▶ [Assignment] Leave the pictures out and write out exactly the lines from the top of the entries through the line containing "MATLAB Function2 : MATLAB".

——————————

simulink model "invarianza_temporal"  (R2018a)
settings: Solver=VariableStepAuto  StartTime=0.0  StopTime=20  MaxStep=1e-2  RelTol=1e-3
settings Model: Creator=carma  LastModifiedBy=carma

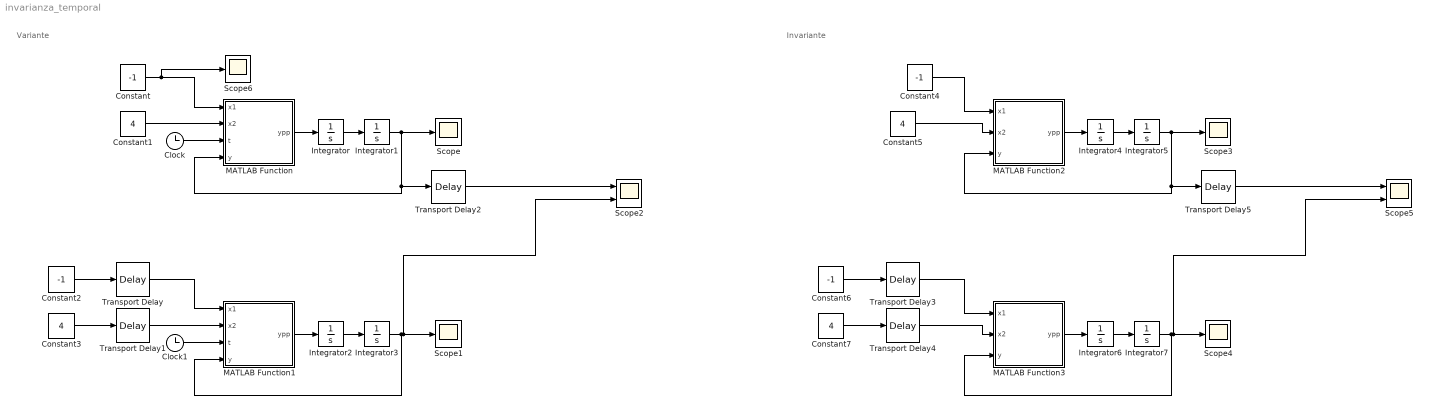
== system invarianza_temporal ==
  note: Variante
  note: Invariante
  Clock : Clock
  Clock1 : Clock
  Constant{,2,4,6} (4 alike) : Constant  Value=-1
  Constant{1,3,5,7} (4 alike) : Constant  Value=4
  Integrator{,1..7} (8 alike) : Integrator
  MATLAB Function : MATLAB Function  TreatAsAtomicUnit=on
  MATLAB Function1 : MATLAB Function  TreatAsAtomicUnit=on
  MATLAB Function2 : MATLAB Function  TreatAsAtomicUnit=on
  MATLAB Function3 : MATLAB Function  TreatAsAtomicUnit=on
  Scope{,1,3..4,6} (5 alike) : Scope
  Scope2 : Scope  NumInputPorts=2
  Scope5 : Scope  NumInputPorts=2
  Transport Delay{,1..5} (6 alike) : TransportDelay  DelayTime=3
  wires:
  Constant/1 -> Scope6/1, MATLAB Function/1(x1)
  Constant1/1 -> MATLAB Function/2(x2)
  Clock/1 -> MATLAB Function/3(t)
  MATLAB Function/1(ypp) -> Integrator/1
  Integrator/1 -> Integrator1/1
  Clock1/1 -> MATLAB Function1/3(t)
  Constant2/1 -> Transport Delay/1
  Constant3/1 -> Transport Delay1/1
  Integrator3/1 -> Scope2/2, Scope1/1, MATLAB Function1/4(y)
  MATLAB Function1/1(ypp) -> Integrator2/1
  Integrator2/1 -> Integrator3/1
  Transport Delay/1 -> MATLAB Function1/1(x1)
  Transport Delay1/1 -> MATLAB Function1/2(x2)
  Integrator1/1 -> Scope/1, MATLAB Function/4(y), Transport Delay2/1
  Transport Delay2/1 -> Scope2/1
  Integrator6/1 -> Integrator7/1
  Constant7/1 -> Transport Delay4/1
  MATLAB Function3/1(ypp) -> Integrator6/1
  Constant6/1 -> Transport Delay3/1
  Transport Delay5/1 -> Scope5/1
  Transport Delay4/1 -> MATLAB Function3/2(x2)
  Integrator7/1 -> Scope5/2, Scope4/1, MATLAB Function3/3(y)
  Transport Delay3/1 -> MATLAB Function3/1(x1)
  Constant4/1 -> MATLAB Function2/1(x1)
  Constant5/1 -> MATLAB Function2/2(x2)
  Integrator5/1 -> Scope3/1, Transport Delay5/1, MATLAB Function2/3(y)
  MATLAB Function2/1(ypp) -> Integrator4/1
  Integrator4/1 -> Integrator5/1

== matlab function invarianza_temporal/MATLAB Function1 ==
  data: x1 input; ypp output; x2 input; t input; y input
function ypp = fcn(x1,x2,t,y)

ypp=(5*cos(t)*x1+4*x2-5*exp(t)*y)/3;

== matlab function invarianza_temporal/MATLAB Function ==
  data: x1 input; ypp output; x2 input; t input; y input
function ypp = fcn(x1,x2,t,y)

ypp=(5*cos(t)*x1+4*x2-5*exp(t)*y)/3;

== matlab function invarianza_temporal/MATLAB Function2 ==
  data: x1 input; ypp output; x2 input; y input
function ypp = fcn(x1,x2,y)

ypp=(5*x1+4*x2-5*y)/3;

== matlab function invarianza_temporal/MATLAB Function3 ==
  data: x1 input; ypp output; x2 input; y input
function ypp = fcn(x1,x2,y)

ypp=(5*x1+4*x2-5*y)/3;

——————————

▶ [Task answer]
simulink model "invarianza_temporal"  (R2018a)
settings: Solver=VariableStepAuto  StartTime=0.0  StopTime=20  MaxStep=1e-2  RelTol=1e-3
settings Model: Creator=carma  LastModifiedBy=carma

== system invarianza_temporal ==
  note: Variante
  note: Invariante
  Clock : Clock
  Clock1 : Clock
  Constant{,2,4,6} (4 alike) : Constant  Value=-1
  Constant{1,3,5,7} (4 alike) : Constant  Value=4
  Integrator{,1..7} (8 alike) : Integrator
  MATLAB Function : MATLAB Function  TreatAsAtomicUnit=on
  MATLAB Function1 : MATLAB Function  TreatAsAtomicUnit=on
  MATLAB Function2 : MATLAB Function  TreatAsAtomicUnit=on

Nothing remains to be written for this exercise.